» **Work to be completed**: Filter the material below so that only lines containing "embarqué" remain.

» **Supplied material**:
○ ○ ○

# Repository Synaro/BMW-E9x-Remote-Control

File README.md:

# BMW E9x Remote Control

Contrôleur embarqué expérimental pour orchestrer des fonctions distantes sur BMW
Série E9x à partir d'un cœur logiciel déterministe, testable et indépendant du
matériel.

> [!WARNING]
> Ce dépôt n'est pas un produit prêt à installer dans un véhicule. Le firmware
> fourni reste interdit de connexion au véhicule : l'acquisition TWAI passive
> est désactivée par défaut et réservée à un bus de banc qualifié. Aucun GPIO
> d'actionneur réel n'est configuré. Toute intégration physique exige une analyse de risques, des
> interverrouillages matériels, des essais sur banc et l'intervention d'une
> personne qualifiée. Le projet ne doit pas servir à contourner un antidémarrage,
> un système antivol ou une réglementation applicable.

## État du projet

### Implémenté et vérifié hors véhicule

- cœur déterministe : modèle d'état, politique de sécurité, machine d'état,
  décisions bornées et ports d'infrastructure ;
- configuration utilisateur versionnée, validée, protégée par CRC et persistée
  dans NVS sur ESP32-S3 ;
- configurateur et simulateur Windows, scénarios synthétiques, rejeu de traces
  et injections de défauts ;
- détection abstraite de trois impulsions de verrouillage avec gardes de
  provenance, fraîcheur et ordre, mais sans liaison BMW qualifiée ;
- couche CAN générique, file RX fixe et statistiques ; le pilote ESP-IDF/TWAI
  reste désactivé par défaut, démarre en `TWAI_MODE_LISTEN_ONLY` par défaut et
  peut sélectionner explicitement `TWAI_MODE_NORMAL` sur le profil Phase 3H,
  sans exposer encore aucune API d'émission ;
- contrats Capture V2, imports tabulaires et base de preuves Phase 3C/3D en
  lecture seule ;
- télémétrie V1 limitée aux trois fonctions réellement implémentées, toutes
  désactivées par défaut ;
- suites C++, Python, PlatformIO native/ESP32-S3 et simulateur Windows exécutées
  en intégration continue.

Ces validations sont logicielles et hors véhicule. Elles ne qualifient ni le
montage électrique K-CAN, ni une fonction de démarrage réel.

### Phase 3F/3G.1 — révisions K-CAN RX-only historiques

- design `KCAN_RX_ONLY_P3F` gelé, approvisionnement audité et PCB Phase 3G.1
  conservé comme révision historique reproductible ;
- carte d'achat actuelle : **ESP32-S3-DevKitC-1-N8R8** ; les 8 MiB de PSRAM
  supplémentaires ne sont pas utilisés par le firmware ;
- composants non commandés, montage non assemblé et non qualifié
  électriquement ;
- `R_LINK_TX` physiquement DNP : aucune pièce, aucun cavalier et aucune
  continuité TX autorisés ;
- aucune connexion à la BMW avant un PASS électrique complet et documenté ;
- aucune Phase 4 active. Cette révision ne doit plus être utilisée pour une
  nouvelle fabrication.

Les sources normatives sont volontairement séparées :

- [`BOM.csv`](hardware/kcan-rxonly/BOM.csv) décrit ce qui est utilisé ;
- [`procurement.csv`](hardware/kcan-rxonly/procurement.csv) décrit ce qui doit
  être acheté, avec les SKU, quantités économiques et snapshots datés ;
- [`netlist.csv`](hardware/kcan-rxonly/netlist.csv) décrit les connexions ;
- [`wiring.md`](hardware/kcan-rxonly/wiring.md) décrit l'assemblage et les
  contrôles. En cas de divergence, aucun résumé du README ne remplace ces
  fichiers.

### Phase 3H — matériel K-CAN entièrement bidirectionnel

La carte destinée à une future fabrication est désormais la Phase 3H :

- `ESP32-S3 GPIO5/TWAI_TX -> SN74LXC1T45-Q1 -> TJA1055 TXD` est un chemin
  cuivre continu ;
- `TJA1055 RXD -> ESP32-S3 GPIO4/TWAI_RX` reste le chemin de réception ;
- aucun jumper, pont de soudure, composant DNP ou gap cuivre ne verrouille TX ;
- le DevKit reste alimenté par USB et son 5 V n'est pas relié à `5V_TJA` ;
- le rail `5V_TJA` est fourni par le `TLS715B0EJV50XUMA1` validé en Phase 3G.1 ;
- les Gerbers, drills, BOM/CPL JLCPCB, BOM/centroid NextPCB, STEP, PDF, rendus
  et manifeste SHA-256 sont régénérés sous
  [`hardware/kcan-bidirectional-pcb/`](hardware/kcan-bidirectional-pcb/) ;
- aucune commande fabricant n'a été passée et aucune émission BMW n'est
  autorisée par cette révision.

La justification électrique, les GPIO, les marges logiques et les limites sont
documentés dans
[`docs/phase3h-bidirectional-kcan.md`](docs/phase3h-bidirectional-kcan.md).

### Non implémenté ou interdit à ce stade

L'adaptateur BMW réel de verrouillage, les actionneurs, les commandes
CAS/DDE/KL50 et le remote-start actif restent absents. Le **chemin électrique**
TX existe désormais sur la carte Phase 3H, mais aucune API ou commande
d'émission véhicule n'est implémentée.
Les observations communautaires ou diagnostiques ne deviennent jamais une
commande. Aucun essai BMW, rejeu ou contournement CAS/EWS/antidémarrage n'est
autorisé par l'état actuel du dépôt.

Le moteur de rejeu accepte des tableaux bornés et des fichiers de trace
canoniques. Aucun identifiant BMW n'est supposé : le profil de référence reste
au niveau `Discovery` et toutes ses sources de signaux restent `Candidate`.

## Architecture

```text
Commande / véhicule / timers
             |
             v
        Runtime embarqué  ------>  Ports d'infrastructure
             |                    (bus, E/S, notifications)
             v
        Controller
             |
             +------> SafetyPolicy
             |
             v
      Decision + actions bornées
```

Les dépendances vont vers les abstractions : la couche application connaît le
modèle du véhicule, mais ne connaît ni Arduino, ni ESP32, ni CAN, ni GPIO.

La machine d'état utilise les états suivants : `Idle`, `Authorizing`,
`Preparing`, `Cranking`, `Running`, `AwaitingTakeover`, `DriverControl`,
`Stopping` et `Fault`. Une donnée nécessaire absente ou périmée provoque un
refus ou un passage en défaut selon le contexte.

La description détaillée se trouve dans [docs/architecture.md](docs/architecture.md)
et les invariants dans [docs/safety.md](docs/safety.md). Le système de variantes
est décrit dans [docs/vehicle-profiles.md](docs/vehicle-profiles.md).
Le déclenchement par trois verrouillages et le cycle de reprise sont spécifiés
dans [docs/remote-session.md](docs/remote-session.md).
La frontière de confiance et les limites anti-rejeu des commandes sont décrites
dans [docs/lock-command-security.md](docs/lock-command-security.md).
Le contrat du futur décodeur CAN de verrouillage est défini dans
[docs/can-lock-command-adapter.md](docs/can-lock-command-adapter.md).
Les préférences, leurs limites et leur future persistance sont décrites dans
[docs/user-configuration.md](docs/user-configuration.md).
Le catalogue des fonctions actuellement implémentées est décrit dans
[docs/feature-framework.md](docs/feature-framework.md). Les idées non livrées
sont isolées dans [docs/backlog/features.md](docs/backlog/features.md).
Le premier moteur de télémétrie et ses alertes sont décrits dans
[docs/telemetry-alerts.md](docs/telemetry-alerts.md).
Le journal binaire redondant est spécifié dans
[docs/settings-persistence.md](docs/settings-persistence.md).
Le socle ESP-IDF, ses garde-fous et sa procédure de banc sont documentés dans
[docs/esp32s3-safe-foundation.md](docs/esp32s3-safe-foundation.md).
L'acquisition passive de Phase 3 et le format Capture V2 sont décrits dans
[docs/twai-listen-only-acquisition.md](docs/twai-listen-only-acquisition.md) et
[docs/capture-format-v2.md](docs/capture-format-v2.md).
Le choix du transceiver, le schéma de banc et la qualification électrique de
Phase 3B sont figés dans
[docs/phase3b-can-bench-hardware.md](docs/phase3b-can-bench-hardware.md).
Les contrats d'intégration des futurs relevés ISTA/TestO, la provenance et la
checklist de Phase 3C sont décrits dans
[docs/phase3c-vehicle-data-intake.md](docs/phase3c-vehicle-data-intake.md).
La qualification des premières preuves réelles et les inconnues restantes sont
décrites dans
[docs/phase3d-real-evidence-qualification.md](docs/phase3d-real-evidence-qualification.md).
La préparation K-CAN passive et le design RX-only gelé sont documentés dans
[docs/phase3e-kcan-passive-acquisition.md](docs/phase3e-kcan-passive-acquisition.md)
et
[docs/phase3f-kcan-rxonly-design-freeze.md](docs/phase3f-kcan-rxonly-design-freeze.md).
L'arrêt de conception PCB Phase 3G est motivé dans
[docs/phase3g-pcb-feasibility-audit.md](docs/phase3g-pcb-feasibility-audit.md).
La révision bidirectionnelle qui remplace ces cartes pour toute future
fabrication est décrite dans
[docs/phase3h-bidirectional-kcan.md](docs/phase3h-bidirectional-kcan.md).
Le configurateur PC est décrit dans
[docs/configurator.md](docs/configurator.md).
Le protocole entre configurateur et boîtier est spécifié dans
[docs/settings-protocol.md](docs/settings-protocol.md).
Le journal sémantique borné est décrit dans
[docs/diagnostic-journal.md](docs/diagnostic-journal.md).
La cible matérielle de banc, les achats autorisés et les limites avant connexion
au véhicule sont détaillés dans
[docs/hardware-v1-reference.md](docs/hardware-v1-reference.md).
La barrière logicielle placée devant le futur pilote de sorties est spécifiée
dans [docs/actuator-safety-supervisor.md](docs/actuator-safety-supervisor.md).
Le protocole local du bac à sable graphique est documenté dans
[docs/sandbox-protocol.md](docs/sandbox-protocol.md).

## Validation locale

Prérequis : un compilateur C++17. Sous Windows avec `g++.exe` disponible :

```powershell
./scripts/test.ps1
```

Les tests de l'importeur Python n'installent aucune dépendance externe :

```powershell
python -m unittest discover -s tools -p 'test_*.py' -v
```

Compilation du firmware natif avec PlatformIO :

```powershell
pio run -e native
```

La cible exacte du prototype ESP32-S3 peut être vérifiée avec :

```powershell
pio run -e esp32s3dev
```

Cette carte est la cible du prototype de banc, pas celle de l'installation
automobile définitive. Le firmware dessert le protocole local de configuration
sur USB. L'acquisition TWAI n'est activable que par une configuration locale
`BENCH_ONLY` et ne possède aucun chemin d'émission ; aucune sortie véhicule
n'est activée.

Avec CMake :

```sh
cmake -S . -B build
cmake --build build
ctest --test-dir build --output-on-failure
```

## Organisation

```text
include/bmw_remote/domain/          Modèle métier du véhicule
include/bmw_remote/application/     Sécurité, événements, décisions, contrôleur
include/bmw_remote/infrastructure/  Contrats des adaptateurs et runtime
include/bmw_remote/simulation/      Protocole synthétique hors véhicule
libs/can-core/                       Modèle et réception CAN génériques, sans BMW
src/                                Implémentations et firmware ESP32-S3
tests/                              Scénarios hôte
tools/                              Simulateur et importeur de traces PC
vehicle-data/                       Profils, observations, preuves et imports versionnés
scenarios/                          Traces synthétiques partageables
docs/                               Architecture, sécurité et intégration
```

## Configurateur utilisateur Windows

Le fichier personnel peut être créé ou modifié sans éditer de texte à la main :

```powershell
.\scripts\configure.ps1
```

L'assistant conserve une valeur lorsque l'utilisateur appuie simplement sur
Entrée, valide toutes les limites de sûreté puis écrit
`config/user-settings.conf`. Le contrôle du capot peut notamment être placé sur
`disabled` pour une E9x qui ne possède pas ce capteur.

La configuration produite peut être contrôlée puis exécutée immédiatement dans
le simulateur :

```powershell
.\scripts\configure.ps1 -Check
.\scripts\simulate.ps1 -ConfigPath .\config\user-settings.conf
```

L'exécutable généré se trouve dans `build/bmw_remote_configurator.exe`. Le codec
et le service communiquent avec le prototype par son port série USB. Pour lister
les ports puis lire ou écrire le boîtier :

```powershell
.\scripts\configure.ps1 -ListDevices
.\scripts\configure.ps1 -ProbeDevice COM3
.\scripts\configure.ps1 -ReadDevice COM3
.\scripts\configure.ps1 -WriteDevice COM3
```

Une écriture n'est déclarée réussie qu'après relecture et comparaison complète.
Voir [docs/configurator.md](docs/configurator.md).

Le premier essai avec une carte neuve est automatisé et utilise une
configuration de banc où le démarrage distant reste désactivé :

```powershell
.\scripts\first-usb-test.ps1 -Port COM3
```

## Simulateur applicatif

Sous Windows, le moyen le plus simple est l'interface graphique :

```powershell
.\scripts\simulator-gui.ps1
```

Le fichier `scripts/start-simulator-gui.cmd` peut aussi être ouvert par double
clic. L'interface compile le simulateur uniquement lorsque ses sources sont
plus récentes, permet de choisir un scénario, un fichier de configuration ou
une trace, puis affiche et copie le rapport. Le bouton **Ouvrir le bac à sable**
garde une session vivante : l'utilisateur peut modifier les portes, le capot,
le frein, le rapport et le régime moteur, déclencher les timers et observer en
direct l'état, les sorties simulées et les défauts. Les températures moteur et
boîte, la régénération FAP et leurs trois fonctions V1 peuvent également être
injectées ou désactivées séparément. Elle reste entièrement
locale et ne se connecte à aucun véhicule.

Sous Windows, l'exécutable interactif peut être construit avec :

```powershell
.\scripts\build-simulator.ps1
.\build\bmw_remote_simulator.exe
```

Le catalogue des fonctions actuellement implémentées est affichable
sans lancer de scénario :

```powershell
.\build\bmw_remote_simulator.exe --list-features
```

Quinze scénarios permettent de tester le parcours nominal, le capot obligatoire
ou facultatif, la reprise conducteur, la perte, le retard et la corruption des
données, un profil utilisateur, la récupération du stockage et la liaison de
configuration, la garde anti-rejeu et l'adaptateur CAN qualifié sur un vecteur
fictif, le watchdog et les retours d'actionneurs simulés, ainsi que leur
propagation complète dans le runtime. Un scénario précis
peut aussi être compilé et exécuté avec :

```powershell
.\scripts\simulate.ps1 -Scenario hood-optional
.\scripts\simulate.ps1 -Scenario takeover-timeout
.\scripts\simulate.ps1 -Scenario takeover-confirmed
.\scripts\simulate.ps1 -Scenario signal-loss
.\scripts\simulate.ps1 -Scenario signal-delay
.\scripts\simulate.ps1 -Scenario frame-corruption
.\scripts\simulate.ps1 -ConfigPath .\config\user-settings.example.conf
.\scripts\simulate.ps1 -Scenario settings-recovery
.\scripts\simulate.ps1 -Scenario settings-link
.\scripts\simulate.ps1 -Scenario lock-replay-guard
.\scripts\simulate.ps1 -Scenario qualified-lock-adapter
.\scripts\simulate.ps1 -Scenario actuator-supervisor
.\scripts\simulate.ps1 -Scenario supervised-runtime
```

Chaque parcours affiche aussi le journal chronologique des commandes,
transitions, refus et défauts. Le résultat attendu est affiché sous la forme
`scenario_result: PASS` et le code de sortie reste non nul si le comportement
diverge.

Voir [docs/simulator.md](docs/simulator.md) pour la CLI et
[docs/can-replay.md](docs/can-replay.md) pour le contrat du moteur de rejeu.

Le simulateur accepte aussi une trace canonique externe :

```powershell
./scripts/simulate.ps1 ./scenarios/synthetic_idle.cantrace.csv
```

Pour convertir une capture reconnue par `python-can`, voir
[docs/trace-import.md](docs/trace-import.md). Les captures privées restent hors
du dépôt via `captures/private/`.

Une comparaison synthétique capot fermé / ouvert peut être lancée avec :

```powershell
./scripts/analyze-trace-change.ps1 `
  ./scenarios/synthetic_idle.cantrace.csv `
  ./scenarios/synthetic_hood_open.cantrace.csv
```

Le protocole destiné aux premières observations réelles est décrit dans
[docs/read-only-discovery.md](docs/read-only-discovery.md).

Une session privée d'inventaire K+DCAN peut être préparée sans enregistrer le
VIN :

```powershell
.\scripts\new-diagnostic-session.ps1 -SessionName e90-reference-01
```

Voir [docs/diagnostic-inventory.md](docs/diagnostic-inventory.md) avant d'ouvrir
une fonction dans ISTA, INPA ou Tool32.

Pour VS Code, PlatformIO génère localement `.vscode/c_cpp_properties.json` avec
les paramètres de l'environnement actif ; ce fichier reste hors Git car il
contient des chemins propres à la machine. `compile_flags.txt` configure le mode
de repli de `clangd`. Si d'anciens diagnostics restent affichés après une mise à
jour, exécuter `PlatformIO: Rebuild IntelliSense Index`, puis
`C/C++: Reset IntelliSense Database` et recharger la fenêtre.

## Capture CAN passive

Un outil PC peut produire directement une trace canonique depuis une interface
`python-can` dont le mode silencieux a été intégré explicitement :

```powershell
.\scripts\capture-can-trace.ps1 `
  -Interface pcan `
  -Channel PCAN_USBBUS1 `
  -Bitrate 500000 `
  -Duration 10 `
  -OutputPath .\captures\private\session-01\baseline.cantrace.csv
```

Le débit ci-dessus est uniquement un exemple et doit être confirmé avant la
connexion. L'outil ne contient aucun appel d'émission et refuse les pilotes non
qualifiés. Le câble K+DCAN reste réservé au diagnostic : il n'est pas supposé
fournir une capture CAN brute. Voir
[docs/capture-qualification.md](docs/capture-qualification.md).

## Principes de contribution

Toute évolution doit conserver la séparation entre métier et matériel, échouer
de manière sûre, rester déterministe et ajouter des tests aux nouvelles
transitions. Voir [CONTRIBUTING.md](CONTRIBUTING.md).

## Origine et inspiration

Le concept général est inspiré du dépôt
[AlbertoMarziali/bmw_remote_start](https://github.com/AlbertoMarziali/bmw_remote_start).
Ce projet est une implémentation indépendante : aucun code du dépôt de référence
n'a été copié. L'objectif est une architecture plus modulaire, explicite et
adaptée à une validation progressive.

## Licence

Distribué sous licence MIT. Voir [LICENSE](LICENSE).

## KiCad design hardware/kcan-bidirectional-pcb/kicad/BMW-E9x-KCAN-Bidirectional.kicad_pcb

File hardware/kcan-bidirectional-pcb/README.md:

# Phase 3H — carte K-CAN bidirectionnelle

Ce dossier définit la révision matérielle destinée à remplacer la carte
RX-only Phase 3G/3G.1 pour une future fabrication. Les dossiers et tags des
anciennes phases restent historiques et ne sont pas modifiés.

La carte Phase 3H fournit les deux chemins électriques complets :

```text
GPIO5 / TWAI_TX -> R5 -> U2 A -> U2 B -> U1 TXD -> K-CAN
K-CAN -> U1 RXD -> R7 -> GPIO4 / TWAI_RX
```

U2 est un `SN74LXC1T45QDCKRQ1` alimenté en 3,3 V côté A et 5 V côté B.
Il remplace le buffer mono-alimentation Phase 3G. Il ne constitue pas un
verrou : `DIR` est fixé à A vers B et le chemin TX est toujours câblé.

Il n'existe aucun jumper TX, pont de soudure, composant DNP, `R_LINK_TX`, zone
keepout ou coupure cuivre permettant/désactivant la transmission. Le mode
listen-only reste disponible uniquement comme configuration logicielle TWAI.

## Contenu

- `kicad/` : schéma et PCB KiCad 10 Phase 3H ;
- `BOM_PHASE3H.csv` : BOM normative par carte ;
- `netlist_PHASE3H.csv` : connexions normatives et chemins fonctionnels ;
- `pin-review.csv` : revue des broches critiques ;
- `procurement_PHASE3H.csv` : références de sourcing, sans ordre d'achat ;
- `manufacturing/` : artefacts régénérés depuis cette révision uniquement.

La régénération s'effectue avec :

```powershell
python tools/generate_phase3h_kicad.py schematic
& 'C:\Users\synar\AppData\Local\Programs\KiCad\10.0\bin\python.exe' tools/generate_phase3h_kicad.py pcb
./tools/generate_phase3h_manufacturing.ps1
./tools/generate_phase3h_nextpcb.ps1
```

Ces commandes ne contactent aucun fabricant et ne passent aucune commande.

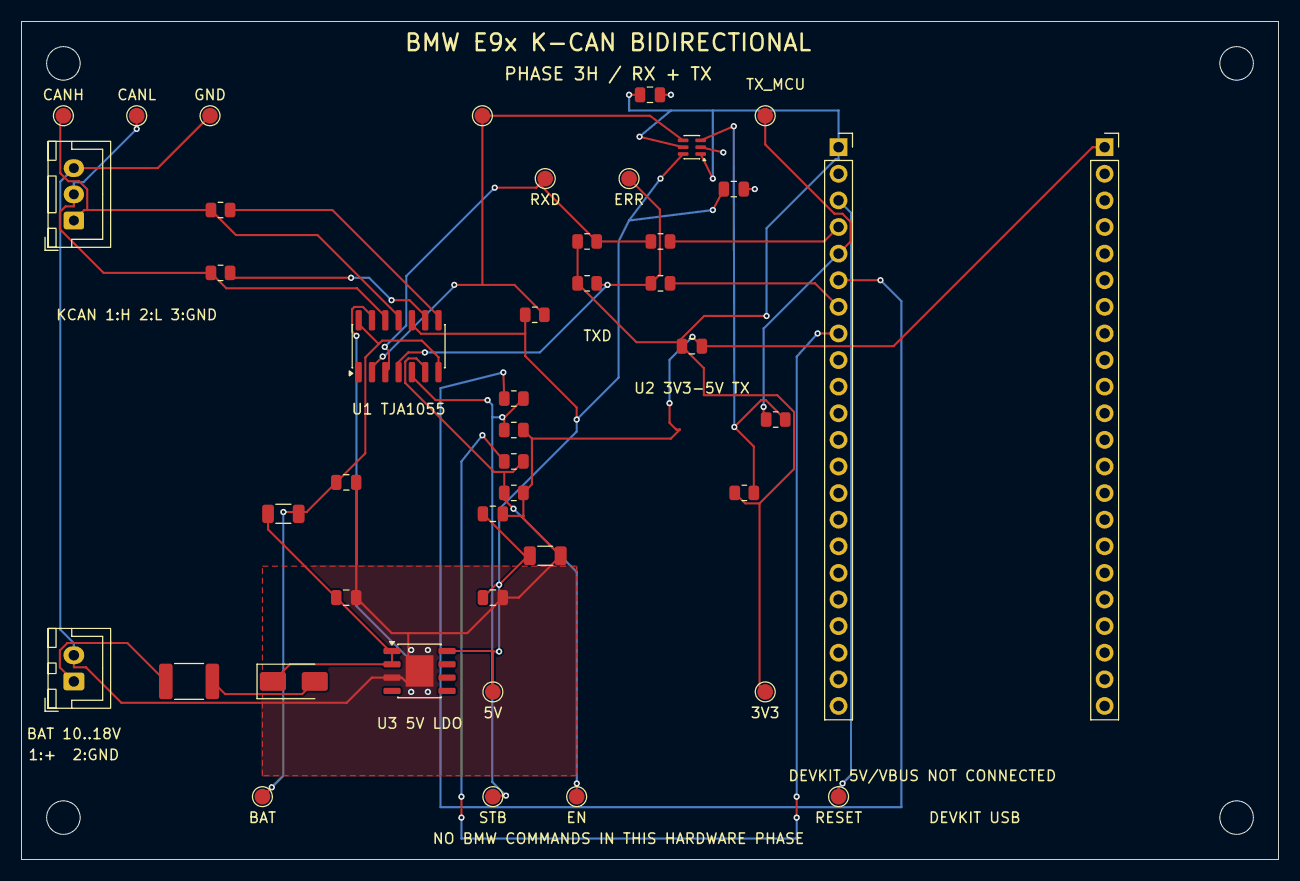
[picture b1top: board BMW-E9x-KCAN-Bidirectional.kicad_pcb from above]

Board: 2 copper layers, 120.0 x 80.0 mm, 48 parts (0 on the bottom side), 23 nets.

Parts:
C1: C_REG_IN 100n 50V; C_0805_2012Metric
C2: C_REG_OUT 2.2u 25V; C_0805_2012Metric
C3: C_VCC 100n; C_0805_2012Metric
C4: C_VCC 22u 10V; C_1206_3216Metric
C5: C_BAT 10n 50V; C_0805_2012Metric
C6: C_U2 100n; C_0805_2012Metric
C7: 100n / C_U2_5V; C_0805_2012Metric
C8: 100n / C_U2_3V3; C_0805_2012Metric
D1: D_BAT SS16; D_SMA
F1: F_BAT MINISMDC010F-2; Fuse_1812_4532Metric_Pad1.30x3.40mm_Reviewed
H1: ESP32-S3 DEVKIT J1; PinSocket_1x22_P2.54mm_Vertical
H2: ESP32-S3 DEVKIT J3; PinSocket_1x22_P2.54mm_Vertical
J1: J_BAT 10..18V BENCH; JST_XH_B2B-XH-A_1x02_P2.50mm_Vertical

○ ○ ○

» **Solved exercise**:
Contrôleur embarqué expérimental pour orchestrer des fonctions distantes sur BMW
        Runtime embarqué  ------>  Ports d'infrastructure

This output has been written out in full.